EXTRACTED ENTRIES
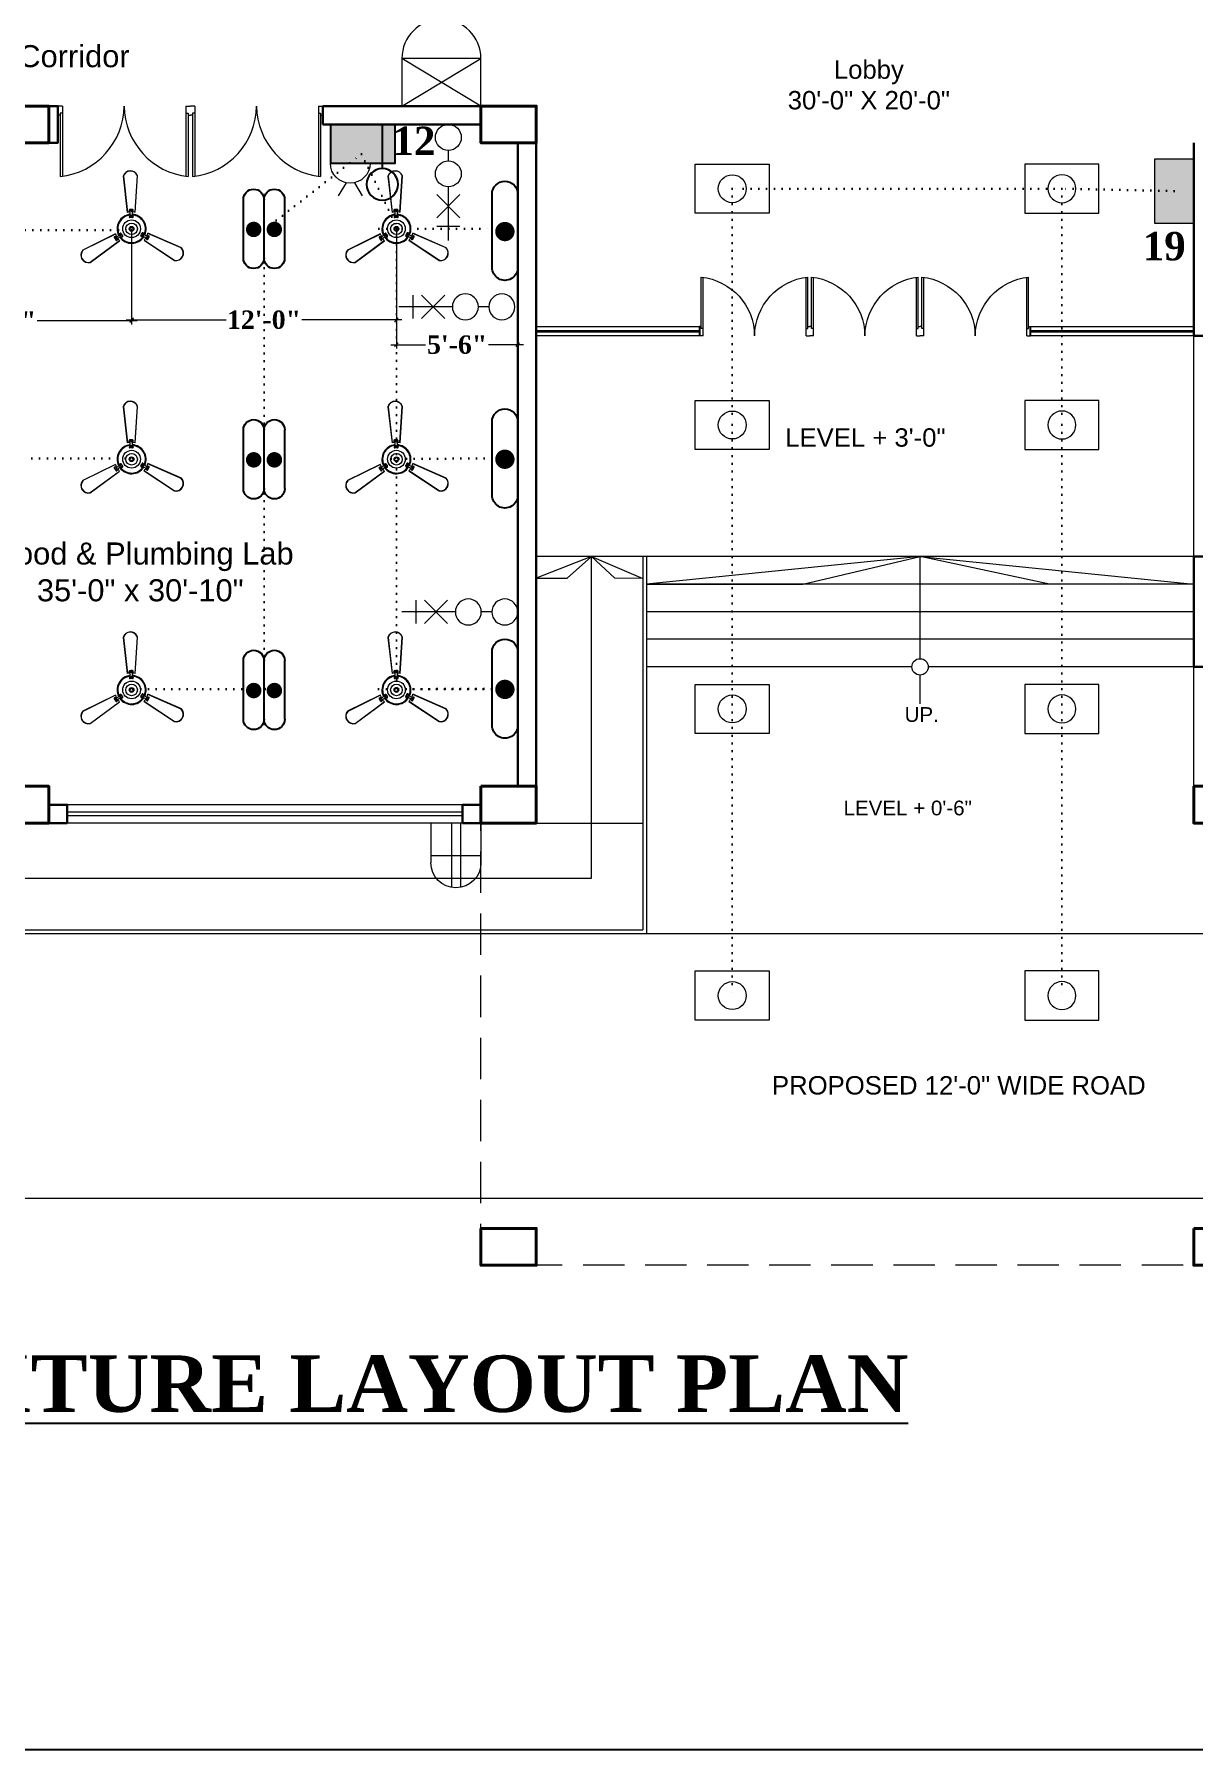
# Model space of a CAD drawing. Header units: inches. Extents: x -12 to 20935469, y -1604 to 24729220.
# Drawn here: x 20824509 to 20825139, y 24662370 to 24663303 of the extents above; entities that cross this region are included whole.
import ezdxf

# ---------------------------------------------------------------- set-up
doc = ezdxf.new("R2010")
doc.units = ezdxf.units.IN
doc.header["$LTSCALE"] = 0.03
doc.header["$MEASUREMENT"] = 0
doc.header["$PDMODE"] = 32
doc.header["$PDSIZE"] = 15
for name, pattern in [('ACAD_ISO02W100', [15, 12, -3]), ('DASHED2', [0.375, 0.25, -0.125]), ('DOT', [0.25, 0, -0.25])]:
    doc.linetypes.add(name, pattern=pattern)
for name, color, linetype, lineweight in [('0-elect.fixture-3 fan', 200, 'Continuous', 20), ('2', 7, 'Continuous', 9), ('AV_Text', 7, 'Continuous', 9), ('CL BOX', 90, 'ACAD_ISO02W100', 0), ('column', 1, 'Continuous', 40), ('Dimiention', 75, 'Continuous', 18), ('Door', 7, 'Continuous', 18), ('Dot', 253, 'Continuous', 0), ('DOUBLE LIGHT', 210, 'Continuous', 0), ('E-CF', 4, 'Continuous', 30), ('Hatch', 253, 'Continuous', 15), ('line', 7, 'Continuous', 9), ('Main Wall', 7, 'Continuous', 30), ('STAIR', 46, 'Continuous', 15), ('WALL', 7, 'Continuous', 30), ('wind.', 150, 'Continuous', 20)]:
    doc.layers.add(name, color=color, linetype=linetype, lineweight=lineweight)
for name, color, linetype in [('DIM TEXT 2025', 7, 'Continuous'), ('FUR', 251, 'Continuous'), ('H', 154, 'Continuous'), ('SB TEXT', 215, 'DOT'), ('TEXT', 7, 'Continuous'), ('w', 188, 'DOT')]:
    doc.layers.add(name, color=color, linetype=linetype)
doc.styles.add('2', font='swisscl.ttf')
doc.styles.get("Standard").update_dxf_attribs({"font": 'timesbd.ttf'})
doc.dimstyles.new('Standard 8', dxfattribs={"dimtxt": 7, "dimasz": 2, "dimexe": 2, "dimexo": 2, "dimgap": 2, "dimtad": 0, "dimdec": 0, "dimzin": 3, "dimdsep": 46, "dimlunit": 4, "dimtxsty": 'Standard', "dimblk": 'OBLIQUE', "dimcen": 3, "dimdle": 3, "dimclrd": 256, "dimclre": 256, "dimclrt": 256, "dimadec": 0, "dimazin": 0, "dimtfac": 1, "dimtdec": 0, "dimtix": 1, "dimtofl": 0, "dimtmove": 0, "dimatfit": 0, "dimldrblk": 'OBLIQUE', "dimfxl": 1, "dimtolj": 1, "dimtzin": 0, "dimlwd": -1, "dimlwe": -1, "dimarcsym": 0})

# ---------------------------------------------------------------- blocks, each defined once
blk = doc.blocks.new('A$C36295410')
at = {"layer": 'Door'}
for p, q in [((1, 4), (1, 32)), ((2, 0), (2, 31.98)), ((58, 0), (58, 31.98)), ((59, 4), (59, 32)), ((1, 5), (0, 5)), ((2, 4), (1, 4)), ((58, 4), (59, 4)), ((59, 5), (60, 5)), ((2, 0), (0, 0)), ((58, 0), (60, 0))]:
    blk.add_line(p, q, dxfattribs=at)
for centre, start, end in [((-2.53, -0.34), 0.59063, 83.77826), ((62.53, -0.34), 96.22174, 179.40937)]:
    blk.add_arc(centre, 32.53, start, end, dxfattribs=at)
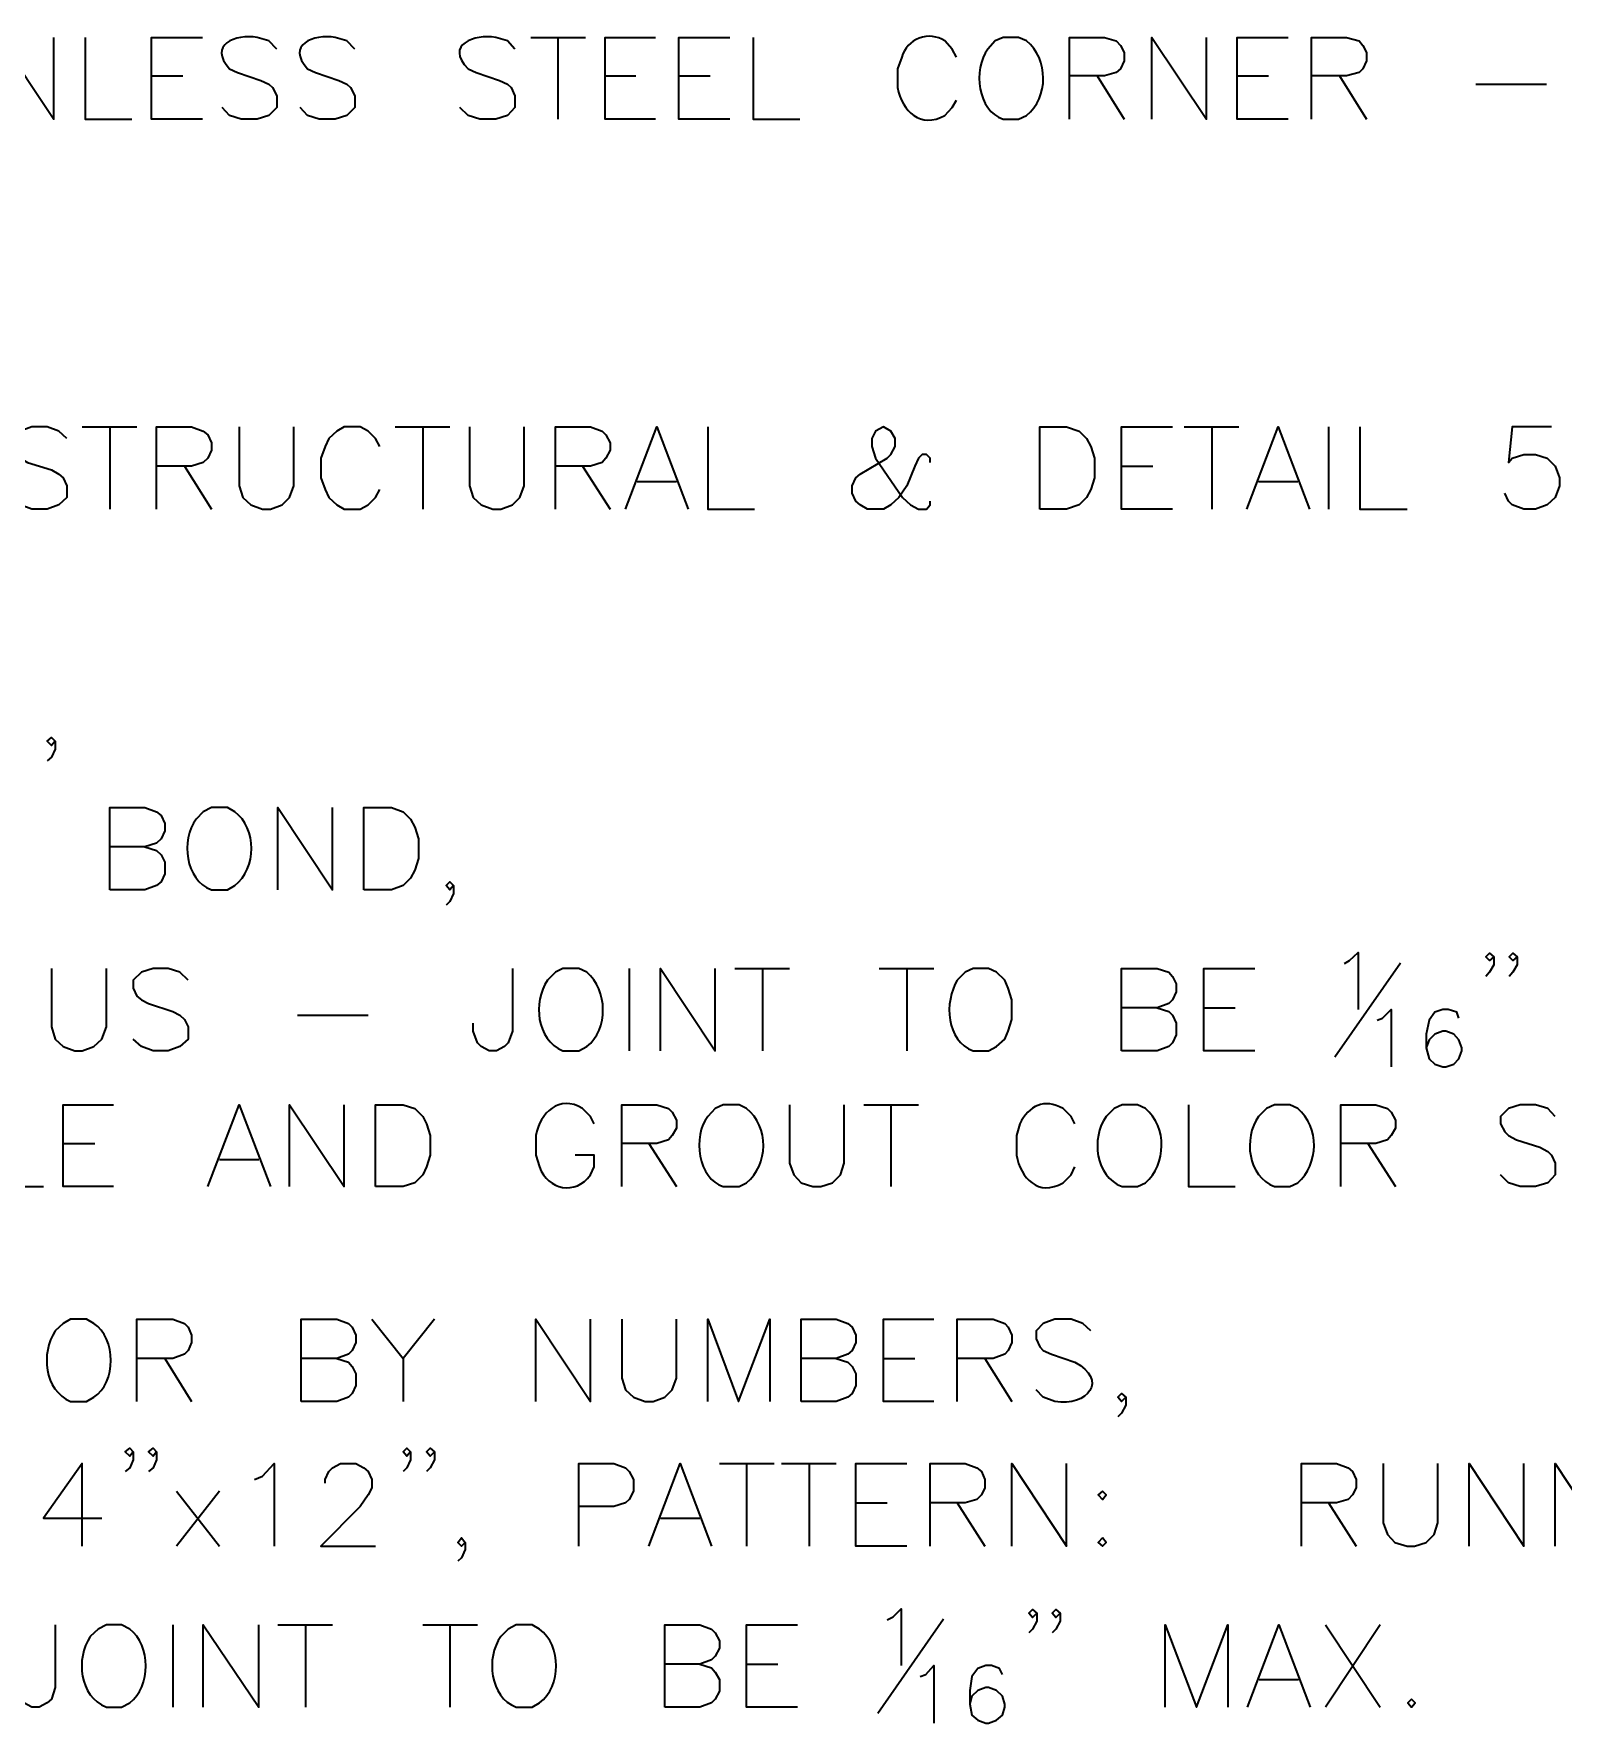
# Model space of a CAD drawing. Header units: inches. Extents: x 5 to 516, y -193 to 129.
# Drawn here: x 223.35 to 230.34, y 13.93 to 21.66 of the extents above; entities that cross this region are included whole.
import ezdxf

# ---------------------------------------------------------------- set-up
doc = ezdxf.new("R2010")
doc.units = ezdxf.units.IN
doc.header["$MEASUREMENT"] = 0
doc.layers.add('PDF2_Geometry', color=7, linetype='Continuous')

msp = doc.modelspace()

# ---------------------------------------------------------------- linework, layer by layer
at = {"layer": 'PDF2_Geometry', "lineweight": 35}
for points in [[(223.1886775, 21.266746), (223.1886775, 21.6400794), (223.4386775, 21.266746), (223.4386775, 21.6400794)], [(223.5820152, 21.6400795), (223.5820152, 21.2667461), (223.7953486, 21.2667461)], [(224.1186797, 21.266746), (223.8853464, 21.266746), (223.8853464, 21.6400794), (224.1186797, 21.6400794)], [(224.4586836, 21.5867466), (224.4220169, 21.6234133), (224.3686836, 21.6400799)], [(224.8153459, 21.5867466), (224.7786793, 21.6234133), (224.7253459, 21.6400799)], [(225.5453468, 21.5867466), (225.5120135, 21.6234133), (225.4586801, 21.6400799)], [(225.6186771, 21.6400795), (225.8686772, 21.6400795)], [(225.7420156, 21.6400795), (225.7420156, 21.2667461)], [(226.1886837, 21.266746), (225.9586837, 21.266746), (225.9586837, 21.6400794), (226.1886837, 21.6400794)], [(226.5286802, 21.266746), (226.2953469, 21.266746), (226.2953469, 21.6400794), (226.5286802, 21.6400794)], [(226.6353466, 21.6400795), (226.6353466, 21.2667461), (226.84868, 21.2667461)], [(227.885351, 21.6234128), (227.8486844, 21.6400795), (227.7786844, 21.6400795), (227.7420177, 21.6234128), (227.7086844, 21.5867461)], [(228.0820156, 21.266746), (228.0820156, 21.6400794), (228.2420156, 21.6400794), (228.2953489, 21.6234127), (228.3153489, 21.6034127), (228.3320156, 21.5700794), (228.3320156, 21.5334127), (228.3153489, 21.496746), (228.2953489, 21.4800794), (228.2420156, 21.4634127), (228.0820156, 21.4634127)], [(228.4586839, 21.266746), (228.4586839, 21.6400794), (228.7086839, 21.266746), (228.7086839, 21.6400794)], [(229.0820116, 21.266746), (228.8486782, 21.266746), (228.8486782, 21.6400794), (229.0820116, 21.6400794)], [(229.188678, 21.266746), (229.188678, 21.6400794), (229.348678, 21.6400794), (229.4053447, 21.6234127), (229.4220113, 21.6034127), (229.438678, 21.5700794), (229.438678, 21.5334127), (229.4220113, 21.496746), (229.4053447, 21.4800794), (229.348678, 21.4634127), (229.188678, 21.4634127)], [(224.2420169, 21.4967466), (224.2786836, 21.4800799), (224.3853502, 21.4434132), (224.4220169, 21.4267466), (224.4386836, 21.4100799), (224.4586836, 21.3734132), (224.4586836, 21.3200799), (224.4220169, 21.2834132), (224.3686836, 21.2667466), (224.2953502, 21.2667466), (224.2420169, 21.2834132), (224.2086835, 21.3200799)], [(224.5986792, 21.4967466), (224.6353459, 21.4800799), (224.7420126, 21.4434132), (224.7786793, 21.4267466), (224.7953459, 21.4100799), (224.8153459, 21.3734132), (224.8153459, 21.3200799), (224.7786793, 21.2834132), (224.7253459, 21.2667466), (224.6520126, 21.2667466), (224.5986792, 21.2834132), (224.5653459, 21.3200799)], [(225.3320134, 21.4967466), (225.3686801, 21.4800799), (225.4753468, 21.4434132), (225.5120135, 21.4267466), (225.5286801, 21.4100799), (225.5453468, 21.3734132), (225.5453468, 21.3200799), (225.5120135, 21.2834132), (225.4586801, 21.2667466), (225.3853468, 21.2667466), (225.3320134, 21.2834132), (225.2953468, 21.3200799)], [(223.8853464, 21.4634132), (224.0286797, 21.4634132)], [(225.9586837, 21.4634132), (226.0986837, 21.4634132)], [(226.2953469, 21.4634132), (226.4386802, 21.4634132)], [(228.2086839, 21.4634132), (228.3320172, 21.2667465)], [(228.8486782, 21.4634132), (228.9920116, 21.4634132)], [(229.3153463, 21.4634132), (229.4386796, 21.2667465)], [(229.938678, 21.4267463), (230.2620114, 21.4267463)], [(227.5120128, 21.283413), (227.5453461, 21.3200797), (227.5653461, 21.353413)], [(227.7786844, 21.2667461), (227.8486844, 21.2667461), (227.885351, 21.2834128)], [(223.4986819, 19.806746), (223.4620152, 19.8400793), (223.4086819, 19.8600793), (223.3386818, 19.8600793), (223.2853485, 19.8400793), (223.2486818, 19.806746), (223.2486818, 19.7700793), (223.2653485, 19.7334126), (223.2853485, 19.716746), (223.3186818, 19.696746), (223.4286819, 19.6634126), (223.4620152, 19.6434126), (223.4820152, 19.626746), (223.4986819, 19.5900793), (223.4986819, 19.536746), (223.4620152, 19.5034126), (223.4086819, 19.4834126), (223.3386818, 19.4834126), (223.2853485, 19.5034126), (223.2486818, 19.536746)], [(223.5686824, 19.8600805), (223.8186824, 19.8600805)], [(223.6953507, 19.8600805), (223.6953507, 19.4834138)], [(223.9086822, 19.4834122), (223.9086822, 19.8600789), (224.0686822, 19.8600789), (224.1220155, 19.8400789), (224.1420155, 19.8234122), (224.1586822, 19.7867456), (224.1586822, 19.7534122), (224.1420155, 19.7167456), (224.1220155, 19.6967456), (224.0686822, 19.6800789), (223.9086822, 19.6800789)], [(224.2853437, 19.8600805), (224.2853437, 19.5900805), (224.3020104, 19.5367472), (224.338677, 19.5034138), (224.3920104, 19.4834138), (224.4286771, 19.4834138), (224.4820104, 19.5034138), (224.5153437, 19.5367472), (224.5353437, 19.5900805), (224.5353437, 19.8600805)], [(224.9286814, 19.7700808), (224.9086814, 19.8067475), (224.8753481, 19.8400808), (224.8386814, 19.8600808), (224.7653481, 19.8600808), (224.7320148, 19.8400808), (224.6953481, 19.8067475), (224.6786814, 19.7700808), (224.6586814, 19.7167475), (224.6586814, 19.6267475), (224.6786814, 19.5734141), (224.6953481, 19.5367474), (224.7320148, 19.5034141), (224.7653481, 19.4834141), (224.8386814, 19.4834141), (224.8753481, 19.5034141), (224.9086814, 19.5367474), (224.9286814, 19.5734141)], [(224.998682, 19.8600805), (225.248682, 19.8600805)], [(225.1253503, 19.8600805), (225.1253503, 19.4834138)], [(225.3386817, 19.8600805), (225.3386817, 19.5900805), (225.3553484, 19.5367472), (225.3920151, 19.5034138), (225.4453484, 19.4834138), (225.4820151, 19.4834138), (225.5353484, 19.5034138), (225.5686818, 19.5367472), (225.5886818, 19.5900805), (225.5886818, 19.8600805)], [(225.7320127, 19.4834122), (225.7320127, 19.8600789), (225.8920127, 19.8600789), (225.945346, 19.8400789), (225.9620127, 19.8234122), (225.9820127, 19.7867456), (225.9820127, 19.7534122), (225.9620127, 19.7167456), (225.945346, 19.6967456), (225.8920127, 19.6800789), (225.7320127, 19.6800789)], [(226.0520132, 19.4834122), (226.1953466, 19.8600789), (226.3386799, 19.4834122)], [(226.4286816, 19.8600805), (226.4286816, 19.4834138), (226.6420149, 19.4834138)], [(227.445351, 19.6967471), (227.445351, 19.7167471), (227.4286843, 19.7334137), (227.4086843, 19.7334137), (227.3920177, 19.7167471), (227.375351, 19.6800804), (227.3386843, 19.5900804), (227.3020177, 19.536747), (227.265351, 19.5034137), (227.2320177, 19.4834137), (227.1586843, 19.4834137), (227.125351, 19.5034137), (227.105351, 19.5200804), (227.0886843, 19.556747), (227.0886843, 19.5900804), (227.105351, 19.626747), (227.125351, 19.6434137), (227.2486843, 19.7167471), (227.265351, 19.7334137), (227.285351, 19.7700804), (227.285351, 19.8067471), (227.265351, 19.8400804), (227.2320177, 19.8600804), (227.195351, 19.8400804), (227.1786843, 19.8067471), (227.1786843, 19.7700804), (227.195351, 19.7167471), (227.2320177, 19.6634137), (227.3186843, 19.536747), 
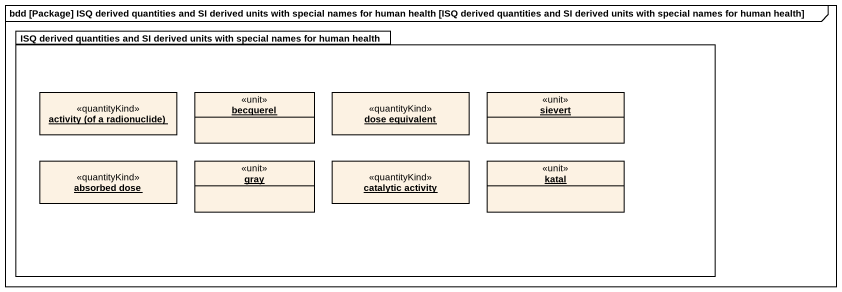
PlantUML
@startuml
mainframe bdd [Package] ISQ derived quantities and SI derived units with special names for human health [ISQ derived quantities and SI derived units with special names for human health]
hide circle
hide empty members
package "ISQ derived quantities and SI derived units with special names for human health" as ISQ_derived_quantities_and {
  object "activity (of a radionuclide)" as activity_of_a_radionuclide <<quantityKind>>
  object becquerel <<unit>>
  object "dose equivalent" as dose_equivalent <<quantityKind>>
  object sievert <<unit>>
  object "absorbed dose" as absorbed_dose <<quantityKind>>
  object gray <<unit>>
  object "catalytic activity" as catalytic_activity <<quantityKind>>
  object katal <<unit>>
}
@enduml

WORK INSTRUCTIONS
After locating the line holding "blk = doc.blocks.new('A$C36295410')" above, output exactly that line and every line after it through the line holding "blk.add_line(p, q, dxfattribs=at)". Include nothing else.

TASK RESULT
blk = doc.blocks.new('A$C36295410')
at = {"layer": 'Door'}
for p, q in [((1, 4), (1, 32)), ((2, 0), (2, 31.98)), ((58, 0), (58, 31.98)), ((59, 4), (59, 32)), ((1, 5), (0, 5)), ((2, 4), (1, 4)), ((58, 4), (59, 4)), ((59, 5), (60, 5)), ((2, 0), (0, 0)), ((58, 0), (60, 0))]:
    blk.add_line(p, q, dxfattribs=at)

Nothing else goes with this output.